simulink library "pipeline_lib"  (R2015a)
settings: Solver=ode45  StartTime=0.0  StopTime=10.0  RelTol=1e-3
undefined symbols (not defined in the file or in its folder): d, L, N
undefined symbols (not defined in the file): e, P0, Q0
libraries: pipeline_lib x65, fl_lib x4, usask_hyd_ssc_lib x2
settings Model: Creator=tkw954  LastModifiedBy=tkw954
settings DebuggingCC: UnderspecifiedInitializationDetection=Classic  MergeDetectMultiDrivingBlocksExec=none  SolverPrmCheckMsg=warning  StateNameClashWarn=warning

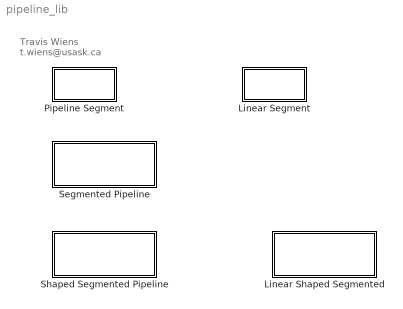
== system pipeline_lib ==
  note: Travis Wiens
      | t.wiens@usask.ca
  Linear Segment : Subsystem  mask(Segment){L=L/N, d=d, P0=P0, Q0=Q0}
      mask prompts: L "Length (m)"; d "Diameter (m)"; P0 "Initial Pressure (Pa)"; Q0 "Initial Flow (m^3/s)"
      mask help: Uses laminar flow resistance and simplified volume
  Linear Shaped Segmented : Subsystem  mask(Shaped Segmented Pipeline){N=30, x_LU=[0 1.6 2 2.5 3], d_LU=1e-3*[10 10 20 10 10], P0=0, Q0=0}
      mask prompts: N "Number of Segments"; x_LU "Shape Lookup Lengths (m)"; d_LU "Shape Lookup Diameters (m)"; P0 "Initial Pressure (Pa)"; Q0 "Initial Flow (m^3/s)"
      mask help: Implements a segmented pipeline with varying cross section, defined by lookup table.
      mask init:
      | %dimensions for autogenerated blocks
      | dx = 60;%block spacing
      | y = 30;%block verical position
      | w = 30;%block width
      | h = 30;%block height
      | 
      | x_LU=x_LU-x_LU(1);%ensure first point is 0
      | L=x_LU(end);%(m) length
      | 
      | x1=linspace(0,L,N+1);%segment intersections
      | x2=(x1(1:(end-1))+x1(2:end))/2;%segment midpoints
      | d=interp1(x_LU,d_LU,x2);%(m) interpolated diameter at midpoint of each segment
      | 
      | %delete_blocks
      | sys=gcb;
      | hcb=get_param(sys,'Handle');
      | hb=get(hcb,'blocks');
      | idx_seg=find(strncmp(hb,'segment_',8));%find segments
      | assignin('base','hb',hb)
      | assignin('base','hcb',hcb)
      | assignin('base','idx_seg',idx_seg)
      | 
      | for i=1:numel(idx_seg)
      | delete_block(sprintf('%s/%s',sys, hb{idx_seg(i)}))
      | end
      | 
      | hlines=get(hcb,'lines');
      | for i=1:numel(hlines)
      | delete_line(hlines(i).Handle)
      | end
      | 
      | %draw new segments
      | for i=1:N
      |     pos = [dx*i y+h/4 dx*i+w y+h*.75];
      |     add_block('pipeline_lib/Linear Segment',sprintf('%s/segment_%d',sys, i),'Position',pos);
      |     set_param(sprintf('%s/segment_%d',sys, i),'d',sprintf('d(%d)',i));
      | end
      | 
      | %draw connecting lines
      | if N>0
      |     add_line(sys,'A/RConn1','segment_1/LConn1','autorouting','on')
      |     add_line(sys,sprintf('segment_%d/RConn1',N),'B/RConn1','autorouting','on')
      | else
      |     add_line(sys,'A/RConn1','B/RConn1','autorouting','on')
      | end
      | 
      | for i=2:N
      |     add_line(sys,sprintf('segment_%d/RConn1',i-1),sprintf('segment_%d/LConn1', i),'autorouting','on')
      | end
      mask Display:
      | plot(x2,d)
      | plot(x2,-d)
      | for i=1:N
      |     plot(x1(i)*[1 1],d(i)*[-1 1])
      |     plot(x1(i+1)*[1 1],d(i)*[-1 1])
      | end
      | 
      | port_label('RConn', 1,'B');
      | port_label('LConn', 1,'A');
  Pipeline Segment : Subsystem  mask(Segment){L=L/N, d=d, e=e, P0=P0, Q0=Q0}
      mask prompts: L "Length (m)"; d "Diameter (m)"; e "Internal roughness (m)"; P0 "Initial Pressure (Pa)"; Q0 "Initial Flow (m^3/s)"
  Segmented Pipeline : Subsystem  mask{N=5, L=1, d=10e-3, e=1e-6, P0=0, Q0=0}
      mask prompts: N "Number of Segments"; L "Length (m)"; d "Diameter (m)"; e "Internal roughness"; P0 "Initial Pressure (Pa)"; Q0 "Initial Flow (m^3/s)"
      mask init:
      | dx = 60;
      | y = 30;
      | w = 30;
      | h = 30;
      | 
      | %delete_block
      | 
      | %hb=find_system(gcb, 'BlockType', 'Segment');
      | %hb=find_system(gcb, 'Type', 'block','FollowLinks','on');
      | %hb=find_system
      | sys=gcb;
      | hcb=get_param(sys,'Handle');
      | hb=get(hcb,'blocks');
      | idx_seg=find(strncmp(hb,'segment_',8));%find segments
      | assignin('base','hb',hb)
      | assignin('base','hcb',hcb)
      | assignin('base','idx_seg',idx_seg)
      | 
      | for i=1:numel(idx_seg)
      | delete_block(sprintf('%s/%s',sys, hb{idx_seg(i)}))
      | end
      | 
      | hlines=get(hcb,'lines');
      | for i=1:numel(hlines)
      | delete_line(hlines(i).Handle)
      | end
      | 
      | %N=2;
      | 
      | for i=1:N
      | pos = [dx*i y+h/4 dx*i+w y+h*.75];
      | add_block('pipeline_lib/Pipeline Segment',sprintf('%s/segment_%d',sys, i),'Position',pos);
      | end
      | 
      | if N>0
      | add_line(sys,'A/RConn1','segment_1/LConn1','autorouting','on')
      | add_line(sys,sprintf('segment_%d/RConn1',N),'B/RConn1','autorouting','on')
      | else
      |     add_line(sys,'A/RConn1','B/RConn1','autorouting','on')
      | end
      | 
      | for i=2:N
      |     add_line(sys,sprintf('segment_%d/RConn1',i-1),sprintf('segment_%d/LConn1', i),'autorouting','on')
      | end
  Shaped Segmented Pipeline : Subsystem  mask(Shaped Segmented Pipeline){N=30, x_LU=[0 1.6 2 2.5 3], d_LU=1e-3*[10 10 20 10 10], e=1e-6, P0=0, Q0=0}
      mask prompts: N "Number of Segments"; x_LU "Shape Lookup Lengths (m)"; d_LU "Shape Lookup Diameters (m)"; e "Internal roughness"; P0 "Initial Pressure (Pa)"; Q0 "Initial Flow (m^3/s)"
      mask help: Implements a segmented pipeline with varying cross section, defined by lookup table.
      mask init:
      | %dimensions for autogenerated blocks
      | dx = 60;%block spacing
      | y = 30;%block verical position
      | w = 30;%block width
      | h = 30;%block height
      | 
      | x_LU=x_LU-x_LU(1);%ensure first point is 0
      | L=x_LU(end);%(m) length
      | 
      | x1=linspace(0,L,N+1);%segment intersections
      | x2=(x1(1:(end-1))+x1(2:end))/2;%segment midpoints
      | d=interp1(x_LU,d_LU,x2);%(m) interpolated diameter at midpoint of each segment
      | 
      | %delete_blocks
      | sys=gcb;
      | hcb=get_param(sys,'Handle');
      | hb=get(hcb,'blocks');
      | idx_seg=find(strncmp(hb,'segment_',8));%find segments
      | assignin('base','hb',hb)
      | assignin('base','hcb',hcb)
      | assignin('base','idx_seg',idx_seg)
      | 
      | for i=1:numel(idx_seg)
      | delete_block(sprintf('%s/%s',sys, hb{idx_seg(i)}))
      | end
      | 
      | hlines=get(hcb,'lines');
      | for i=1:numel(hlines)
      | delete_line(hlines(i).Handle)
      | end
      | 
      | %draw new segments
      | for i=1:N
      |     pos = [dx*i y+h/4 dx*i+w y+h*.75];
      |     add_block('pipeline_lib/Pipeline Segment',sprintf('%s/segment_%d',sys, i),'Position',pos);
      |     set_param(sprintf('%s/segment_%d',sys, i),'d',sprintf('d(%d)',i));
      | end
      | 
      | %draw connecting lines
      | if N>0
      |     add_line(sys,'A/RConn1','segment_1/LConn1','autorouting','on')
      |     add_line(sys,sprintf('segment_%d/RConn1',N),'B/RConn1','autorouting','on')
      | else
      |     add_line(sys,'A/RConn1','B/RConn1','autorouting','on')
      | end
      | 
      | for i=2:N
      |     add_line(sys,sprintf('segment_%d/RConn1',i-1),sprintf('segment_%d/LConn1', i),'autorouting','on')
      | end
      mask Display:
      | plot(x2,d)
      | plot(x2,-d)
      | for i=1:N
      |     plot(x1(i)*[1 1],d(i)*[-1 1])
      |     plot(x1(i+1)*[1 1],d(i)*[-1 1])
      | end
      | 
      | port_label('RConn', 1,'B');
      | port_label('LConn', 1,'A');

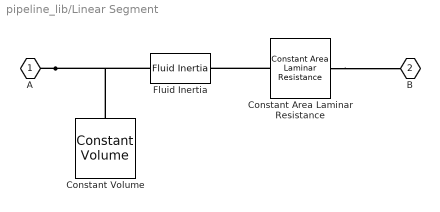
== system pipeline_lib/Linear Segment ==
  Constant Area Laminar Resistance : usask_hyd_ssc_lib/Constant Area Laminar Resistance  d=d m  L=L m  q_specify=off  q_priority=High  q=1 m^3/s  p_specify=off  p_priority=High  p=0 Pa
  Constant Volume : usask_hyd_ssc_lib/Constant Volume  V=pi/4*d^2*L m^3  p0=P0 Pa  q_specify=off  q_priority=High  q=0.001 m^3/s  p_specify=off  p_priority=High  p=0 Pa
  Fluid Inertia : fl_lib/Hydraulic/Hydraulic Elements/Fluid Inertia  area=pi/4*d^2 m^2  length=L m  q_specify=on  q_priority=High  q=Q0 m^3/s  p_specify=off  p_priority=High  p=0 Pa
  A : PMIOPort  Port=1  Side=Left
  B : PMIOPort  Port=2  Side=Right
  connections:
  Constant Area Laminar Resistance/RConn1 -- B/RConn1
  Constant Area Laminar Resistance/LConn1 -- Fluid Inertia/RConn1
  A/RConn1 -- Constant Volume/LConn1 -- Fluid Inertia/LConn1

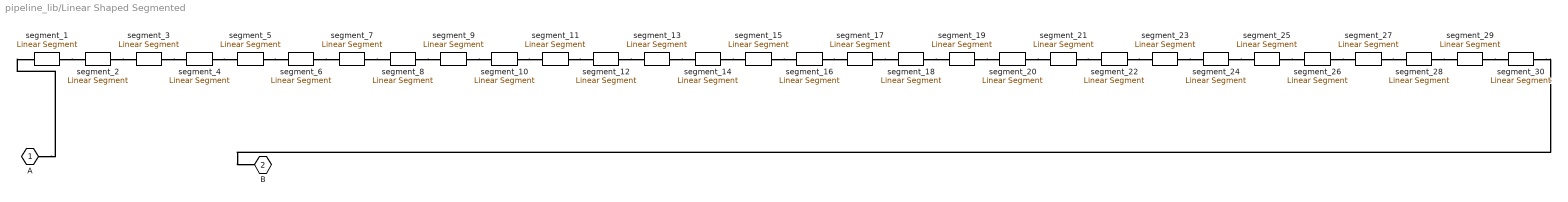
== system pipeline_lib/Linear Shaped Segmented ==
  segment_1 : pipeline_lib/Linear Segment  L=L/N  d=d(1)  P0=P0  Q0=Q0
  segment_10 : pipeline_lib/Linear Segment  L=L/N  d=d(10)  P0=P0  Q0=Q0
  segment_11 : pipeline_lib/Linear Segment  L=L/N  d=d(11)  P0=P0  Q0=Q0
  segment_12 : pipeline_lib/Linear Segment  L=L/N  d=d(12)  P0=P0  Q0=Q0
  segment_13 : pipeline_lib/Linear Segment  L=L/N  d=d(13)  P0=P0  Q0=Q0
  segment_14 : pipeline_lib/Linear Segment  L=L/N  d=d(14)  P0=P0  Q0=Q0
  segment_15 : pipeline_lib/Linear Segment  L=L/N  d=d(15)  P0=P0  Q0=Q0
  segment_16 : pipeline_lib/Linear Segment  L=L/N  d=d(16)  P0=P0  Q0=Q0
  segment_17 : pipeline_lib/Linear Segment  L=L/N  d=d(17)  P0=P0  Q0=Q0
  segment_18 : pipeline_lib/Linear Segment  L=L/N  d=d(18)  P0=P0  Q0=Q0
  segment_19 : pipeline_lib/Linear Segment  L=L/N  d=d(19)  P0=P0  Q0=Q0
  segment_2 : pipeline_lib/Linear Segment  L=L/N  d=d(2)  P0=P0  Q0=Q0
  segment_20 : pipeline_lib/Linear Segment  L=L/N  d=d(20)  P0=P0  Q0=Q0
  segment_21 : pipeline_lib/Linear Segment  L=L/N  d=d(21)  P0=P0  Q0=Q0
  segment_22 : pipeline_lib/Linear Segment  L=L/N  d=d(22)  P0=P0  Q0=Q0
  segment_23 : pipeline_lib/Linear Segment  L=L/N  d=d(23)  P0=P0  Q0=Q0
  segment_24 : pipeline_lib/Linear Segment  L=L/N  d=d(24)  P0=P0  Q0=Q0
  segment_25 : pipeline_lib/Linear Segment  L=L/N  d=d(25)  P0=P0  Q0=Q0
  segment_26 : pipeline_lib/Linear Segment  L=L/N  d=d(26)  P0=P0  Q0=Q0
  segment_27 : pipeline_lib/Linear Segment  L=L/N  d=d(27)  P0=P0  Q0=Q0
  segment_28 : pipeline_lib/Linear Segment  L=L/N  d=d(28)  P0=P0  Q0=Q0
  segment_29 : pipeline_lib/Linear Segment  L=L/N  d=d(29)  P0=P0  Q0=Q0
  segment_3 : pipeline_lib/Linear Segment  L=L/N  d=d(3)  P0=P0  Q0=Q0
  segment_30 : pipeline_lib/Linear Segment  L=L/N  d=d(30)  P0=P0  Q0=Q0
  segment_4 : pipeline_lib/Linear Segment  L=L/N  d=d(4)  P0=P0  Q0=Q0
  segment_5 : pipeline_lib/Linear Segment  L=L/N  d=d(5)  P0=P0  Q0=Q0
  segment_6 : pipeline_lib/Linear Segment  L=L/N  d=d(6)  P0=P0  Q0=Q0
  segment_7 : pipeline_lib/Linear Segment  L=L/N  d=d(7)  P0=P0  Q0=Q0
  segment_8 : pipeline_lib/Linear Segment  L=L/N  d=d(8)  P0=P0  Q0=Q0
  segment_9 : pipeline_lib/Linear Segment  L=L/N  d=d(9)  P0=P0  Q0=Q0
  A : PMIOPort  Port=1  Side=Left
  B : PMIOPort  Port=2  Side=Right
  connections:
  A/RConn1 -- segment_1/LConn1
  segment_30/RConn1 -- B/RConn1
  segment_1/RConn1 -- segment_2/LConn1
  segment_2/RConn1 -- segment_3/LConn1
  segment_3/RConn1 -- segment_4/LConn1
  segment_4/RConn1 -- segment_5/LConn1
  segment_5/RConn1 -- segment_6/LConn1
  segment_6/RConn1 -- segment_7/LConn1
  segment_7/RConn1 -- segment_8/LConn1
  segment_8/RConn1 -- segment_9/LConn1
  segment_9/RConn1 -- segment_10/LConn1
  segment_10/RConn1 -- segment_11/LConn1
  segment_11/RConn1 -- segment_12/LConn1
  segment_12/RConn1 -- segment_13/LConn1
  segment_13/RConn1 -- segment_14/LConn1
  segment_14/RConn1 -- segment_15/LConn1
  segment_15/RConn1 -- segment_16/LConn1
  segment_16/RConn1 -- segment_17/LConn1
  segment_17/RConn1 -- segment_18/LConn1
  segment_18/RConn1 -- segment_19/LConn1
  segment_19/RConn1 -- segment_20/LConn1
  segment_20/RConn1 -- segment_21/LConn1
  segment_21/RConn1 -- segment_22/LConn1
  segment_22/RConn1 -- segment_23/LConn1
  segment_23/RConn1 -- segment_24/LConn1
  segment_24/RConn1 -- segment_25/LConn1
  segment_25/RConn1 -- segment_26/LConn1
  segment_26/RConn1 -- segment_27/LConn1
  segment_27/RConn1 -- segment_28/LConn1
  segment_28/RConn1 -- segment_29/LConn1
  segment_29/RConn1 -- segment_30/LConn1

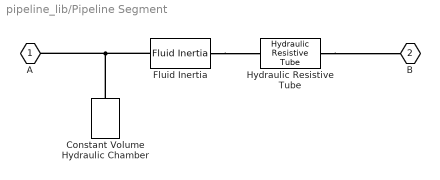
== system pipeline_lib/Pipeline Segment ==
  Constant Volume Hydraulic Chamber : fl_lib/Hydraulic/Hydraulic Elements/Constant Volume Hydraulic Chamber  ch_sp=2  wall_type=1  ch_volume=1 m^3  d_in=d m  length=L m  pr_r_coef=1.2e-12 m/Pa  time_const=0.01 s  k_sh=1.4  p_a=101325.0 Pa  flow_rate_specify=off  flow_rate_priority=High  flow_rate=0.001 m^3/s  pressure_specify=on  pressure_priority=High  pressure=P0 Pa  diameter_incr_specify=off  diameter_incr_priority=High  diameter_incr=0 m
  Fluid Inertia : fl_lib/Hydraulic/Hydraulic Elements/Fluid Inertia  area=pi/4*d^2 m^2  length=L m  q_specify=on  q_priority=High  q=Q0 m^3/s  p_specify=off  p_priority=High  p=0 Pa
  Hydraulic Resistive Tube : fl_lib/Hydraulic/Hydraulic Elements/Hydraulic Resistive Tube  cs_type=1  d_in=d m  area=1e-4 m^2  D_h=1.12e-2 m  s_factor=64  length=L m  length_ad=0 m  roughness=e m  Re_lam=2000  Re_turb=4000  length_eff=6 m  rel_roughness=0.001  q_specify=off  q_priority=High  q=0.001 m^3/s  p_specify=off  p_priority=High  p=0 Pa
  A : PMIOPort  Port=1  Side=Left
  B : PMIOPort  Port=2  Side=Right
  connections:
  Fluid Inertia/LConn1 -- Constant Volume Hydraulic Chamber/LConn1 -- A/RConn1
  Fluid Inertia/RConn1 -- Hydraulic Resistive Tube/LConn1
  Hydraulic Resistive Tube/RConn1 -- B/RConn1

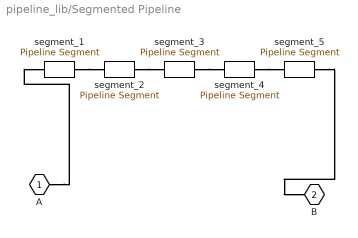
== system pipeline_lib/Segmented Pipeline ==
  segment_{1..5} (5 alike) : pipeline_lib/Pipeline Segment  L=L/N  d=d  e=e  P0=P0  Q0=Q0
  A : PMIOPort  Port=1  Side=Left
  B : PMIOPort  Port=2  Side=Right
  connections:
  A/RConn1 -- segment_1/LConn1
  segment_5/RConn1 -- B/RConn1
  segment_1/RConn1 -- segment_2/LConn1
  segment_2/RConn1 -- segment_3/LConn1
  segment_3/RConn1 -- segment_4/LConn1
  segment_4/RConn1 -- segment_5/LConn1

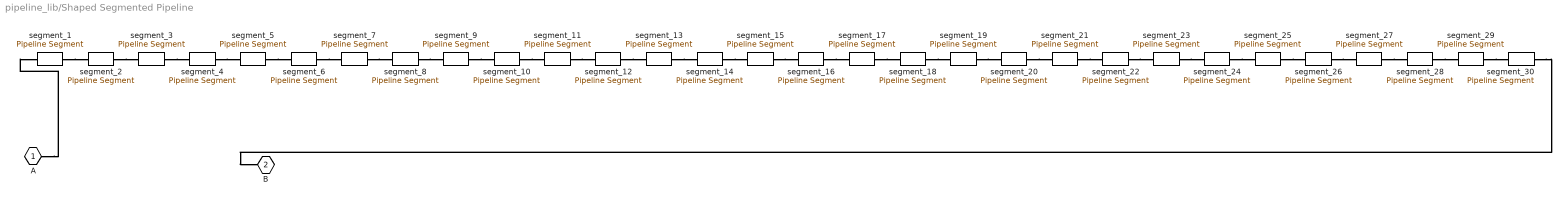
== system pipeline_lib/Shaped Segmented Pipeline ==
  segment_1 : pipeline_lib/Pipeline Segment  L=L/N  d=d(1)  e=e  P0=P0  Q0=Q0
  segment_10 : pipeline_lib/Pipeline Segment  L=L/N  d=d(10)  e=e  P0=P0  Q0=Q0
  segment_11 : pipeline_lib/Pipeline Segment  L=L/N  d=d(11)  e=e  P0=P0  Q0=Q0
  segment_12 : pipeline_lib/Pipeline Segment  L=L/N  d=d(12)  e=e  P0=P0  Q0=Q0
  segment_13 : pipeline_lib/Pipeline Segment  L=L/N  d=d(13)  e=e  P0=P0  Q0=Q0
  segment_14 : pipeline_lib/Pipeline Segment  L=L/N  d=d(14)  e=e  P0=P0  Q0=Q0
  segment_15 : pipeline_lib/Pipeline Segment  L=L/N  d=d(15)  e=e  P0=P0  Q0=Q0
  segment_16 : pipeline_lib/Pipeline Segment  L=L/N  d=d(16)  e=e  P0=P0  Q0=Q0
  segment_17 : pipeline_lib/Pipeline Segment  L=L/N  d=d(17)  e=e  P0=P0  Q0=Q0
  segment_18 : pipeline_lib/Pipeline Segment  L=L/N  d=d(18)  e=e  P0=P0  Q0=Q0
  segment_19 : pipeline_lib/Pipeline Segment  L=L/N  d=d(19)  e=e  P0=P0  Q0=Q0
  segment_2 : pipeline_lib/Pipeline Segment  L=L/N  d=d(2)  e=e  P0=P0  Q0=Q0
  segment_20 : pipeline_lib/Pipeline Segment  L=L/N  d=d(20)  e=e  P0=P0  Q0=Q0
  segment_21 : pipeline_lib/Pipeline Segment  L=L/N  d=d(21)  e=e  P0=P0  Q0=Q0
  segment_22 : pipeline_lib/Pipeline Segment  L=L/N  d=d(22)  e=e  P0=P0  Q0=Q0
  segment_23 : pipeline_lib/Pipeline Segment  L=L/N  d=d(23)  e=e  P0=P0  Q0=Q0
  segment_24 : pipeline_lib/Pipeline Segment  L=L/N  d=d(24)  e=e  P0=P0  Q0=Q0
  segment_25 : pipeline_lib/Pipeline Segment  L=L/N  d=d(25)  e=e  P0=P0  Q0=Q0
  segment_26 : pipeline_lib/Pipeline Segment  L=L/N  d=d(26)  e=e  P0=P0  Q0=Q0
  segment_27 : pipeline_lib/Pipeline Segment  L=L/N  d=d(27)  e=e  P0=P0  Q0=Q0
  segment_28 : pipeline_lib/Pipeline Segment  L=L/N  d=d(28)  e=e  P0=P0  Q0=Q0
  segment_29 : pipeline_lib/Pipeline Segment  L=L/N  d=d(29)  e=e  P0=P0  Q0=Q0
  segment_3 : pipeline_lib/Pipeline Segment  L=L/N  d=d(3)  e=e  P0=P0  Q0=Q0
  segment_30 : pipeline_lib/Pipeline Segment  L=L/N  d=d(30)  e=e  P0=P0  Q0=Q0
  segment_4 : pipeline_lib/Pipeline Segment  L=L/N  d=d(4)  e=e  P0=P0  Q0=Q0
  segment_5 : pipeline_lib/Pipeline Segment  L=L/N  d=d(5)  e=e  P0=P0  Q0=Q0
  segment_6 : pipeline_lib/Pipeline Segment  L=L/N  d=d(6)  e=e  P0=P0  Q0=Q0
  segment_7 : pipeline_lib/Pipeline Segment  L=L/N  d=d(7)  e=e  P0=P0  Q0=Q0
  segment_8 : pipeline_lib/Pipeline Segment  L=L/N  d=d(8)  e=e  P0=P0  Q0=Q0
  segment_9 : pipeline_lib/Pipeline Segment  L=L/N  d=d(9)  e=e  P0=P0  Q0=Q0
  A : PMIOPort  Port=1  Side=Left
  B : PMIOPort  Port=2  Side=Right
  connections:
  A/RConn1 -- segment_1/LConn1
  segment_30/RConn1 -- B/RConn1
  segment_1/RConn1 -- segment_2/LConn1
  segment_2/RConn1 -- segment_3/LConn1
  segment_3/RConn1 -- segment_4/LConn1
  segment_4/RConn1 -- segment_5/LConn1
  segment_5/RConn1 -- segment_6/LConn1
  segment_6/RConn1 -- segment_7/LConn1
  segment_7/RConn1 -- segment_8/LConn1
  segment_8/RConn1 -- segment_9/LConn1
  segment_9/RConn1 -- segment_10/LConn1
  segment_10/RConn1 -- segment_11/LConn1
  segment_11/RConn1 -- segment_12/LConn1
  segment_12/RConn1 -- segment_13/LConn1
  segment_13/RConn1 -- segment_14/LConn1
  segment_14/RConn1 -- segment_15/LConn1
  segment_15/RConn1 -- segment_16/LConn1
  segment_16/RConn1 -- segment_17/LConn1
  segment_17/RConn1 -- segment_18/LConn1
  segment_18/RConn1 -- segment_19/LConn1
  segment_19/RConn1 -- segment_20/LConn1
  segment_20/RConn1 -- segment_21/LConn1
  segment_21/RConn1 -- segment_22/LConn1
  segment_22/RConn1 -- segment_23/LConn1
  segment_23/RConn1 -- segment_24/LConn1
  segment_24/RConn1 -- segment_25/LConn1
  segment_25/RConn1 -- segment_26/LConn1
  segment_26/RConn1 -- segment_27/LConn1
  segment_27/RConn1 -- segment_28/LConn1
  segment_28/RConn1 -- segment_29/LConn1
  segment_29/RConn1 -- segment_30/LConn1

======

Set down precisely the lines above between the line holding "segment_24 : pipeline_lib/Linear" and the line holding "segment_26 : pipeline_lib/Linear", inclusive, and nothing beyond them.

  segment_24 : pipeline_lib/Linear Segment  L=L/N  d=d(24)  P0=P0  Q0=Q0
  segment_25 : pipeline_lib/Linear Segment  L=L/N  d=d(25)  P0=P0  Q0=Q0
  segment_26 : pipeline_lib/Linear Segment  L=L/N  d=d(26)  P0=P0  Q0=Q0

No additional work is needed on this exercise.